What Can Real-Time Data Analytics Do for Higher Education?
Universities are improving their data analytics programs using real-time dashboards that gather and update student data profiles using multiple data points, from financial information to academic performance, to help advisers and faculty provide better support to students.
Some institutions are already experimenting with real-time data collection tools.
At the Worcester Polytechnic Institute, a team of researchers and computer science students are working on an event trends tool they call SETA (scalable event trend analytics), which can find and analyze patterns within high-volume data streams to make decisions on the fly.
These tools have incredible implications for higher education, from campus network management to fast-action security protocols to student safety and academic success.
What Is Real-Time Data Analytics?
Real-time data is information that is collected and immediately disseminated. Instead of collecting a bank of information and then processing it for analysis, the data is pushed out, cleaned and analyzed almost instantly.
Much of the time, real-time data analytics is conducted through edge computing. By analyzing as close to the data source as possible, users can reduce latency, receiving information and making subsequent decisions more quickly.
How Predictive Analytics Helps Universities Reach Their Goals
Universities use a number of data analytics models; one of the most common is to use predictive analytics modules to drive decision-making.
Predictive analytics use historical data, collected over long periods of time, to inform future choices. Universities can use predictive analytics models to help with several agendas, from improving recruitment and retention to meeting students’ needs.
Combined with real-time data analytics, predictive models can use stream processing to calculate what might happen in the future, but at a faster pace.
At the University of Central Florida, for example, administrators are collaborating with Microsoft to use predictive data analytics to understand trends in student and faculty success, university research and alumni donations.
Using data dashboards, UCF can use data points collected in real time to help students who are displaying patterns that show they are struggling academically, improve professors’ curricula and more effectively collect money for new campus initiatives and scholarships.
At the University of Alabama, the use of predictive analytics found that students who asked for copies of their transcripts might be at risk of leaving the university. Now, administrators can note when a student puts in such a request and offer academic and campus resources to encourage those students to stay.
Predictive and Prescriptive Analytics Improve with Real-Time Data
Predictive analytics has been a boon for universities; however, the process requires a data collection period that colleges may not have time for. If an institution decides to begin a predictive analytics program, what happens to the students enrolled during the project’s first year? Will their experiences be distilled down to data points used to help the next wave of students?

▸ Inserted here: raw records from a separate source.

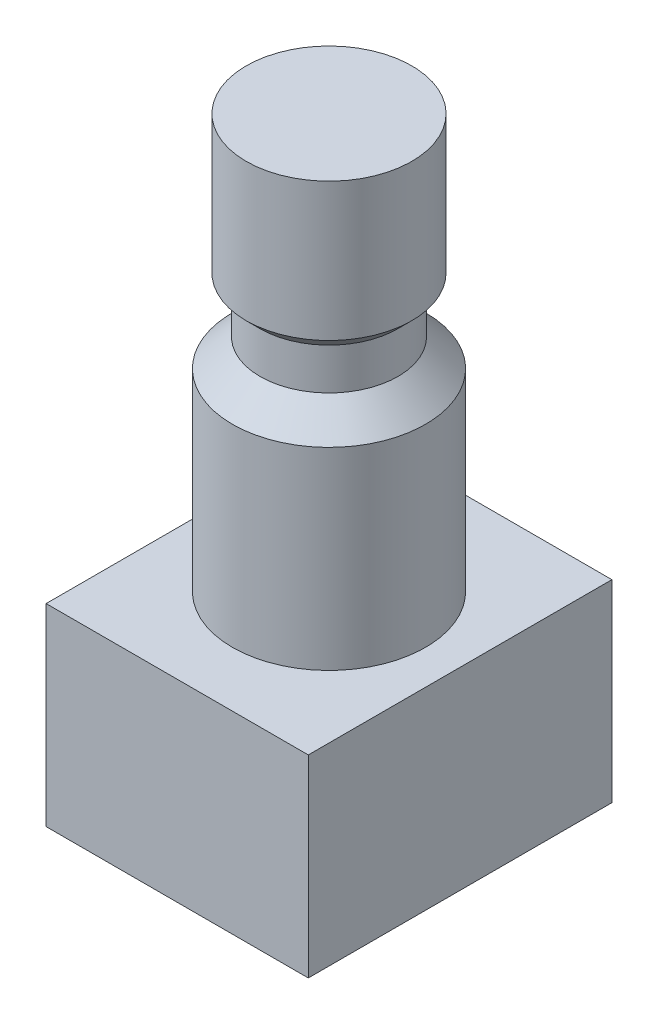
from build123d import *

# Parameters (mm, degrees)
ESQUISSE1_W        = 9.5
ESQUISSE1_H        = 11
BOSS_EXTRU_1_DEPTH = 7


with BuildPart() as part:
    # Esquisse1 → Boss.-Extru.1 (new body)
    with BuildSketch(Plane(origin=(0, 0, 0), x_dir=(1, 0, 0), z_dir=(0, 1, 0))):
        Rectangle(ESQUISSE1_W, ESQUISSE1_H)
    extrude(amount=-BOSS_EXTRU_1_DEPTH)

    # Esquisse3 → Révolution1 (revolve)
    with BuildSketch(Plane.XY, mode=Mode.PRIVATE) as r_volution1_sk:
        Polygon((0, 0), (0, 15), (3, 15), (3, 10), (2.5, 9.5), (2.5, 8), (3.5, 7), (3.5, 0), align=None)
    revolve(r_volution1_sk.sketch.rotate(Axis((0, 0, 0), (0, -1, 0)), 90), axis=Axis((0, 0, 0), (0, -1, 0)))


solid = part.part

Real-time data analytics can be used for prescriptive as well as predictive analytics, allowing universities to collect and analyze data collected and distributed in real time using continuous assessments.
As TechRepublic reports, “Prescriptive analytics is less fortune teller and more medical doctor. Instead of simply predicting what will happen, prescriptive analysis tweaks certain variables to achieve the best possible outcome, and then prescribes that course of action.”
While predictive analytics outlines what is likely to happen in the future, prescriptive analytics show how universities can make something happen now. For example, universities can use an online program to measure a student’s engagement with a specific course. As the student’s interactions with the program progress, that data is processed and evaluated.
“Much like an advisor, the system then recommends an adjustment to the student’s learning path,” Jim Milton, CEO of Campus Management, writes for Forbes. “By collecting, aggregating and analyzing data points across students’ interactions and outcomes, the system prescribes a customized course of action for advisors or faculty that is most likely to help individual students achieve optimal results.”
While prescriptive analytics is helpful, it is best used in tandem with predictive analytics, not instead of it, according to IBM. Each offers different insights that can be useful to universities pursuing an overall goal.
MORE FROM EDTECH: See how one university used data analytics to cut failure rates in half.
Universities Use Real-Time Data Analytics for Various Wins
Real-time data processing applications have opened the door for analytics on college campuses.
At Dartmouth College, IT teams use real-time data collection tools to inform instructional design. Through real-time analytics applications, teams can study metrics including attrition rates, course enrollment sizes and student performance to redesign courses based on students’ needs.
“Data transparency is a better path to advancing student learning at the institutional level than coming up with shared team goals or visions,” Joshua Kim, director of digital learning at the Dartmouth Center for the Advancement of Learning, writes. “Make the data available, and let the work follow where the data leads.”
At the University of Connecticut, Splunk’s real-time analytics tools are put into the hands of students themselves, helping them monitor data collected from a local aquaponics farm.
“When we built out the aquaponics system, students had to write down data onto a notepad,” writes Jonathan Moore, MIS program director at the University of Connecticut School of Business, in a Splunk blog post. “Now, armed with a tablet, students visit each station at the farm and see augmented data dashboards of all of their required metrics in real time.”
Universities are still just scratching the surface of what’s possible with real-time data processing. As data collection tools advance and machine learning tools become more prevalent, universities can expect real-time data analytics to become a permanent fixture on campus.